How to complete this task:
From the records below, print exactly the lines starting at the one containing "#189=EDGE_CURVE('E115',#177,#188,#186,.F.);" and ending at the one containing "#203=CIRCLE('',#202,3.);", ends included, and nothing else.

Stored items
··········

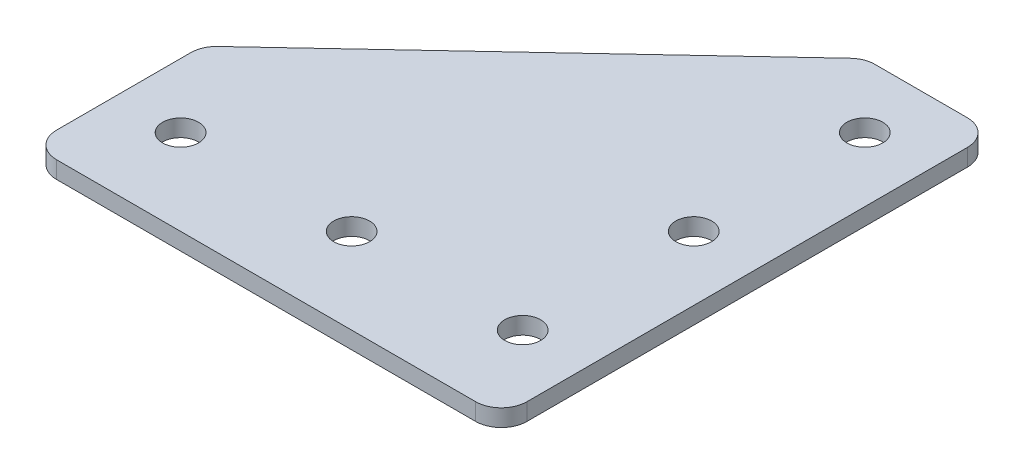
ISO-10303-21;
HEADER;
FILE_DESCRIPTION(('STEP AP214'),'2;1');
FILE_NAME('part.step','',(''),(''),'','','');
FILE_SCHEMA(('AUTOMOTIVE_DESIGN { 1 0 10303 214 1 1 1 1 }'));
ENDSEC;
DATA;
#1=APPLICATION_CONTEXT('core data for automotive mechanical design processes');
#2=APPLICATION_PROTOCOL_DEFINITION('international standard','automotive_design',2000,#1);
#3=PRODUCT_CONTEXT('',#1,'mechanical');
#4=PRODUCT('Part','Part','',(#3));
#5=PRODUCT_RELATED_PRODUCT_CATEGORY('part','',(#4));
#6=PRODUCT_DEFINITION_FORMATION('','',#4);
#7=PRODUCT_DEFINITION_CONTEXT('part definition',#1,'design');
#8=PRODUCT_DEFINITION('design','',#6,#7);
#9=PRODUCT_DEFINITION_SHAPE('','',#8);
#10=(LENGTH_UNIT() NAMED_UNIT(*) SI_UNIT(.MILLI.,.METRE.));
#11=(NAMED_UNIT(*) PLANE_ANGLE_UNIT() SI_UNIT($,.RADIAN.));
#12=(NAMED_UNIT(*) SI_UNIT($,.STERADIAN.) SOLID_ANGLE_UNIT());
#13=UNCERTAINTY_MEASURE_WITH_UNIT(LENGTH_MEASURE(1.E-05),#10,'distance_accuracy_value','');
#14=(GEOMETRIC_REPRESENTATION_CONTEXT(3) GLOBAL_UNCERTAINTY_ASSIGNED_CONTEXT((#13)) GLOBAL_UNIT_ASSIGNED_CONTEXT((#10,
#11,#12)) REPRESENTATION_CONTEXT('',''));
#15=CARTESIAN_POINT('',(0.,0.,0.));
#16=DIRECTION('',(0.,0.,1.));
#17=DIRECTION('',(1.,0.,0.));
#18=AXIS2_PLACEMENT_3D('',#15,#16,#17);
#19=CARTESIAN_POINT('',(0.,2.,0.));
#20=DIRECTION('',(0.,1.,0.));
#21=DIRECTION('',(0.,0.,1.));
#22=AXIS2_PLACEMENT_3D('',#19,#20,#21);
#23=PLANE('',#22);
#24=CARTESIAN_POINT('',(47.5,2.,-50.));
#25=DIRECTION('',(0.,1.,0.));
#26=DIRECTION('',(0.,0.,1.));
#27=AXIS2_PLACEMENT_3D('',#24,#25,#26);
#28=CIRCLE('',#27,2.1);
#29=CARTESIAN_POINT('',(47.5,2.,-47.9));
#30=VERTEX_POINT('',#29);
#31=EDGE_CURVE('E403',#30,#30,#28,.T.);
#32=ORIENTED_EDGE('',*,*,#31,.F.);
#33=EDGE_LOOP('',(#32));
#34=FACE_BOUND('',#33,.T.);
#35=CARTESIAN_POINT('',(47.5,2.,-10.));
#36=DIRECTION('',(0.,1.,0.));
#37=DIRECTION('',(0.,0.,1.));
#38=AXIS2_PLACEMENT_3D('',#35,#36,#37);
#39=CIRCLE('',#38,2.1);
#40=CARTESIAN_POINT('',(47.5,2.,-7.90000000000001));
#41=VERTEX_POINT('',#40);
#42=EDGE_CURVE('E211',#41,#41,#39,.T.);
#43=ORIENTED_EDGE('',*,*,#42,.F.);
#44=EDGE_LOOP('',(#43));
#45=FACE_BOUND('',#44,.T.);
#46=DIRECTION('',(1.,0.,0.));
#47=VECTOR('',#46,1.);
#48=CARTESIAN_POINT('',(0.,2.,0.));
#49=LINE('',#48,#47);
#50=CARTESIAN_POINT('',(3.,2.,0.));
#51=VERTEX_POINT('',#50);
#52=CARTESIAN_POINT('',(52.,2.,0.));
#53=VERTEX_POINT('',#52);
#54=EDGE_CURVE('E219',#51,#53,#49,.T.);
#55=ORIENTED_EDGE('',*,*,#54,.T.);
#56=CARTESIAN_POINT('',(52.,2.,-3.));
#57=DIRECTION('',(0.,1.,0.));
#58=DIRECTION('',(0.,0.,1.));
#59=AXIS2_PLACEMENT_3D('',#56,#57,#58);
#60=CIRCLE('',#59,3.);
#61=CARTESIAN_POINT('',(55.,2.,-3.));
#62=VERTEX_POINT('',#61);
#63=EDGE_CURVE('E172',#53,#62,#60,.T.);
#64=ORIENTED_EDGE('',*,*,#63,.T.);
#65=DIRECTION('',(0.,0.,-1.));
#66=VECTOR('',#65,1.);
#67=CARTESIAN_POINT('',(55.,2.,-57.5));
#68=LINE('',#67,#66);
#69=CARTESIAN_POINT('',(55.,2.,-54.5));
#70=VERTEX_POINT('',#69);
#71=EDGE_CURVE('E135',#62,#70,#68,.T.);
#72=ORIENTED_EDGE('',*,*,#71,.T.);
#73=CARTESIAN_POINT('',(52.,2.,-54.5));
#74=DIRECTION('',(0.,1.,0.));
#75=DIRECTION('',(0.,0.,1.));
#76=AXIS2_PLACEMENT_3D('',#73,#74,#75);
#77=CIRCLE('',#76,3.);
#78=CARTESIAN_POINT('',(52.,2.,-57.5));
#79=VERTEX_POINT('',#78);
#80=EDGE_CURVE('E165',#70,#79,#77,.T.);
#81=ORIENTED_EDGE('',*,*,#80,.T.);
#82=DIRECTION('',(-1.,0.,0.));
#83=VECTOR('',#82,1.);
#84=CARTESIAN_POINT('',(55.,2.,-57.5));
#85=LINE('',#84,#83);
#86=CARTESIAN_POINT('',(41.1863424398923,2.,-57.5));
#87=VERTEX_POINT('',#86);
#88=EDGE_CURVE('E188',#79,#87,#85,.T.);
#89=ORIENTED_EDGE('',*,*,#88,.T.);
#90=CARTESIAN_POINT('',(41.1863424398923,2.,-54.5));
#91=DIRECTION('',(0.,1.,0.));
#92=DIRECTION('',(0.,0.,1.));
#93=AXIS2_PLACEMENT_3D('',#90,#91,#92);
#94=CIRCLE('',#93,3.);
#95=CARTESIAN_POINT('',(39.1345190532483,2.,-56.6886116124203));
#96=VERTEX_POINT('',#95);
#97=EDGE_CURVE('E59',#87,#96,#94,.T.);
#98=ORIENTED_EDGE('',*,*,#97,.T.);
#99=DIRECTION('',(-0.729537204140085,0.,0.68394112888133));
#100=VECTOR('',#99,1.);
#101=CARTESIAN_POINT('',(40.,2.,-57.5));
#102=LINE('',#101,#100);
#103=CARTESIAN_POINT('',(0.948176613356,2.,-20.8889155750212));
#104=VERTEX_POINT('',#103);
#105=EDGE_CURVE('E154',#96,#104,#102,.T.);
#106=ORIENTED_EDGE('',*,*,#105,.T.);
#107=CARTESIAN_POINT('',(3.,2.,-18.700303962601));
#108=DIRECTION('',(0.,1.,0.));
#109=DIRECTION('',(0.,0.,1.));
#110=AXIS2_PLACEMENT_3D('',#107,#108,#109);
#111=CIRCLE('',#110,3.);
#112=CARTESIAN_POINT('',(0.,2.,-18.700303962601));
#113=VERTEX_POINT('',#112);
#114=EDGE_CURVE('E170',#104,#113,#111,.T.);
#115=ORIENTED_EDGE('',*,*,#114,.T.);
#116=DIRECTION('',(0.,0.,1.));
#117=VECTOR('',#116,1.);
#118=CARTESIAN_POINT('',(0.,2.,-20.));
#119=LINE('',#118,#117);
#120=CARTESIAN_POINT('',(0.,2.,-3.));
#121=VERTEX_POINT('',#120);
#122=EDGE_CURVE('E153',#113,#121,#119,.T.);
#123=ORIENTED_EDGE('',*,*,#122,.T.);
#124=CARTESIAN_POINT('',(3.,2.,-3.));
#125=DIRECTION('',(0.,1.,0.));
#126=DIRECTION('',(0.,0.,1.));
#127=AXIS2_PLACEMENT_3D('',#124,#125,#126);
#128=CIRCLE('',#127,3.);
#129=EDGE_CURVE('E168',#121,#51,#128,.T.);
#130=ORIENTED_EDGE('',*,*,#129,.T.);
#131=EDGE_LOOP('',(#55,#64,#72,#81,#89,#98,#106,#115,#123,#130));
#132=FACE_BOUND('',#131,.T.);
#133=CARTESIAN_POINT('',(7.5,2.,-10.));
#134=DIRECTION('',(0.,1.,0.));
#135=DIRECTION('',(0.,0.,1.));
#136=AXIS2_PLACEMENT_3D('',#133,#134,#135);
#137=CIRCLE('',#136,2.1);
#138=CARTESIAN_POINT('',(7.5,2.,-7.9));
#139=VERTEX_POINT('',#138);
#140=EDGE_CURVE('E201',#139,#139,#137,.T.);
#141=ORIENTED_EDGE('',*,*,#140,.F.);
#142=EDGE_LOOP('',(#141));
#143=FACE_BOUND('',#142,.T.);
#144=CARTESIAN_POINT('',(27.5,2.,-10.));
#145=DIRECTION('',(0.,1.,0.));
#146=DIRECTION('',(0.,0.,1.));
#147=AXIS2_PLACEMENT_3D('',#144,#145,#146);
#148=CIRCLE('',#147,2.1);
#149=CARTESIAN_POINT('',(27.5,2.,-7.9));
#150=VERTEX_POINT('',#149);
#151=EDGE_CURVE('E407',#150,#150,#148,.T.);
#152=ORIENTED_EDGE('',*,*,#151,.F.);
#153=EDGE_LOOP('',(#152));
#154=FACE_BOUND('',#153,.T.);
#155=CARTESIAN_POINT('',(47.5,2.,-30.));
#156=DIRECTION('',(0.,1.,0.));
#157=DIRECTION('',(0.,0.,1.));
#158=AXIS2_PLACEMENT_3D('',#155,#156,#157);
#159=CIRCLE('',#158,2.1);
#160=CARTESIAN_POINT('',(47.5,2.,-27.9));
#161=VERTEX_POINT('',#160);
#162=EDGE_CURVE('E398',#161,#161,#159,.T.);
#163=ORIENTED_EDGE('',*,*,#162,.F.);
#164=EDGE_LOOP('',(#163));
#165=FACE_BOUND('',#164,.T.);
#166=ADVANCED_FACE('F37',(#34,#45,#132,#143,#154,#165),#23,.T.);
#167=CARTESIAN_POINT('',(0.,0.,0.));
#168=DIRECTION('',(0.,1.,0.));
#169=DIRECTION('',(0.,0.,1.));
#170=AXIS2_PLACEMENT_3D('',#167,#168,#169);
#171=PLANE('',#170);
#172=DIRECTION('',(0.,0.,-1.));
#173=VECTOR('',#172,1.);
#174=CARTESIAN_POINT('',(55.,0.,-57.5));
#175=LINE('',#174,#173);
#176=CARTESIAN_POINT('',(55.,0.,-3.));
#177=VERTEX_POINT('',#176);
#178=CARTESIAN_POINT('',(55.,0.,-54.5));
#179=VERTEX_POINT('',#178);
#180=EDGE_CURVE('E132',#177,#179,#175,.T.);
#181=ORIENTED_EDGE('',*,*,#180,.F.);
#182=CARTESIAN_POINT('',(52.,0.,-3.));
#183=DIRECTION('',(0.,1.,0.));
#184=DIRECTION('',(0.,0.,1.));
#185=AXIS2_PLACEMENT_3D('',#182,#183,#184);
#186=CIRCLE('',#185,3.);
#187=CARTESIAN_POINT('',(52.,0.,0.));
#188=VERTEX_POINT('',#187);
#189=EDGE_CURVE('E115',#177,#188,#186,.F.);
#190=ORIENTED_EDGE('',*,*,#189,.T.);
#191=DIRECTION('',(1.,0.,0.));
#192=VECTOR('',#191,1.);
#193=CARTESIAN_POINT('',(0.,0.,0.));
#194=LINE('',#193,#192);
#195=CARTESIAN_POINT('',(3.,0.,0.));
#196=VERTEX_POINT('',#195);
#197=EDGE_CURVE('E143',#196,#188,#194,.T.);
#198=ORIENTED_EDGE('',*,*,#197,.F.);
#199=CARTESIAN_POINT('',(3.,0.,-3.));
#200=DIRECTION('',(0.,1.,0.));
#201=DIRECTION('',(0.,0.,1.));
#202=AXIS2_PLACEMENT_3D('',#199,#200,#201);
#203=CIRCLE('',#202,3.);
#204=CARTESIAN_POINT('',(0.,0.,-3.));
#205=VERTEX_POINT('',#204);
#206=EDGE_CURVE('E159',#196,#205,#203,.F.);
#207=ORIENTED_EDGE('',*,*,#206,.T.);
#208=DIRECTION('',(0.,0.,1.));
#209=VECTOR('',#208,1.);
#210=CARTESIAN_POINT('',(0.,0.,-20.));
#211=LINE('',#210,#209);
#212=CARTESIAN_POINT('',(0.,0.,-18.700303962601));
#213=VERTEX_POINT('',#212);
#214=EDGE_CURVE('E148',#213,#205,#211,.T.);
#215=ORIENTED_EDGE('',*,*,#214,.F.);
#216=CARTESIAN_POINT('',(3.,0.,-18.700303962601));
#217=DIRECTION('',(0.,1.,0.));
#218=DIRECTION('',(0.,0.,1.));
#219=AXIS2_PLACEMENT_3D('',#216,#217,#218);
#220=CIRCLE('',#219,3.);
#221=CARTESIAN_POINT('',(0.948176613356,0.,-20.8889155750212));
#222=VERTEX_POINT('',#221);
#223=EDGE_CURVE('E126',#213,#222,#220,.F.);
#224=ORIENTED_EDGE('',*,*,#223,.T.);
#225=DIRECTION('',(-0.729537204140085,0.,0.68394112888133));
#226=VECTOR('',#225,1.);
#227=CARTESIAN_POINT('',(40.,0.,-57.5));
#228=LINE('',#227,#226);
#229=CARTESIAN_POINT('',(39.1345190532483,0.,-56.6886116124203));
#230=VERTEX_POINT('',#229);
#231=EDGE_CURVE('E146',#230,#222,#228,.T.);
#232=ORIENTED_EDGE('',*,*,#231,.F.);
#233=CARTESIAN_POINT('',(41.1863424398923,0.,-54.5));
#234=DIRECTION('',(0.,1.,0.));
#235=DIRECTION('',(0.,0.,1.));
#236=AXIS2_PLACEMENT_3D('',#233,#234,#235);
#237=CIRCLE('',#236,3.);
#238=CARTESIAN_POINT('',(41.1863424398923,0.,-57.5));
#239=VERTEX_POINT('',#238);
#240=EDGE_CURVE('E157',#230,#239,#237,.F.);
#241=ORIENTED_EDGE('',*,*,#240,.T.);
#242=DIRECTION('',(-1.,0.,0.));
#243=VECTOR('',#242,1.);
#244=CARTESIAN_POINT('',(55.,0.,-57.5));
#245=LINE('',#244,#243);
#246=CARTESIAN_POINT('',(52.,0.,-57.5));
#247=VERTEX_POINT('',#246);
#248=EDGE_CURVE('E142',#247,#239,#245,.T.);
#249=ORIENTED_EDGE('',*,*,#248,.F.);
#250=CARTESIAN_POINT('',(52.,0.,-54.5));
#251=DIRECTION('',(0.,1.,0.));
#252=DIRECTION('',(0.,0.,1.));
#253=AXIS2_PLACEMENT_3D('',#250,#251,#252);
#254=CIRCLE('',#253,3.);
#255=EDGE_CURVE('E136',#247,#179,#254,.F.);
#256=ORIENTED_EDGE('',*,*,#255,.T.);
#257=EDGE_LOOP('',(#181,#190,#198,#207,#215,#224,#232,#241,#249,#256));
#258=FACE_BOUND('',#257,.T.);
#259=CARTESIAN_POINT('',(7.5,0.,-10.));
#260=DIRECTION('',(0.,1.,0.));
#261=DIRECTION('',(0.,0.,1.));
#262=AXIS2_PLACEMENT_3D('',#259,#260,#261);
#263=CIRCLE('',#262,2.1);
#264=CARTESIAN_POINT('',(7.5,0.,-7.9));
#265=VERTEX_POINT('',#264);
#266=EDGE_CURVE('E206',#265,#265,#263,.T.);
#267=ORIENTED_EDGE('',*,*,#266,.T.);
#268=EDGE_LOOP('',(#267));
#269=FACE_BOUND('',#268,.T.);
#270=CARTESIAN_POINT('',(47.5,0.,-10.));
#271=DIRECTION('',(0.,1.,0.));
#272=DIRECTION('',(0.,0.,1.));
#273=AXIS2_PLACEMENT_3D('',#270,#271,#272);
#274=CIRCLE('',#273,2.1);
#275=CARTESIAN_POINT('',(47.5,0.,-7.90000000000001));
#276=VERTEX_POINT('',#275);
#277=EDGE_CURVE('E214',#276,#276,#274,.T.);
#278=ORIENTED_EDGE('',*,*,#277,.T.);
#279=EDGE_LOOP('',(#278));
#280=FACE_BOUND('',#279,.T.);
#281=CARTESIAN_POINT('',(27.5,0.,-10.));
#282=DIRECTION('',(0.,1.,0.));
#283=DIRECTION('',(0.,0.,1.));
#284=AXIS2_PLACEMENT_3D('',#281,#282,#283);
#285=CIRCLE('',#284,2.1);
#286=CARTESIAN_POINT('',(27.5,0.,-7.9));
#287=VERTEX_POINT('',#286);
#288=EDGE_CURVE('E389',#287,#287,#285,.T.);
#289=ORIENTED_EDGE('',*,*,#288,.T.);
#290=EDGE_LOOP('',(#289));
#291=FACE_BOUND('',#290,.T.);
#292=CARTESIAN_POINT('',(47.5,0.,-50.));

··········

Task answer:
#189=EDGE_CURVE('E115',#177,#188,#186,.F.);
#190=ORIENTED_EDGE('',*,*,#189,.T.);
#191=DIRECTION('',(1.,0.,0.));
#192=VECTOR('',#191,1.);
#193=CARTESIAN_POINT('',(0.,0.,0.));
#194=LINE('',#193,#192);
#195=CARTESIAN_POINT('',(3.,0.,0.));
#196=VERTEX_POINT('',#195);
#197=EDGE_CURVE('E143',#196,#188,#194,.T.);
#198=ORIENTED_EDGE('',*,*,#197,.F.);
#199=CARTESIAN_POINT('',(3.,0.,-3.));
#200=DIRECTION('',(0.,1.,0.));
#201=DIRECTION('',(0.,0.,1.));
#202=AXIS2_PLACEMENT_3D('',#199,#200,#201);
#203=CIRCLE('',#202,3.);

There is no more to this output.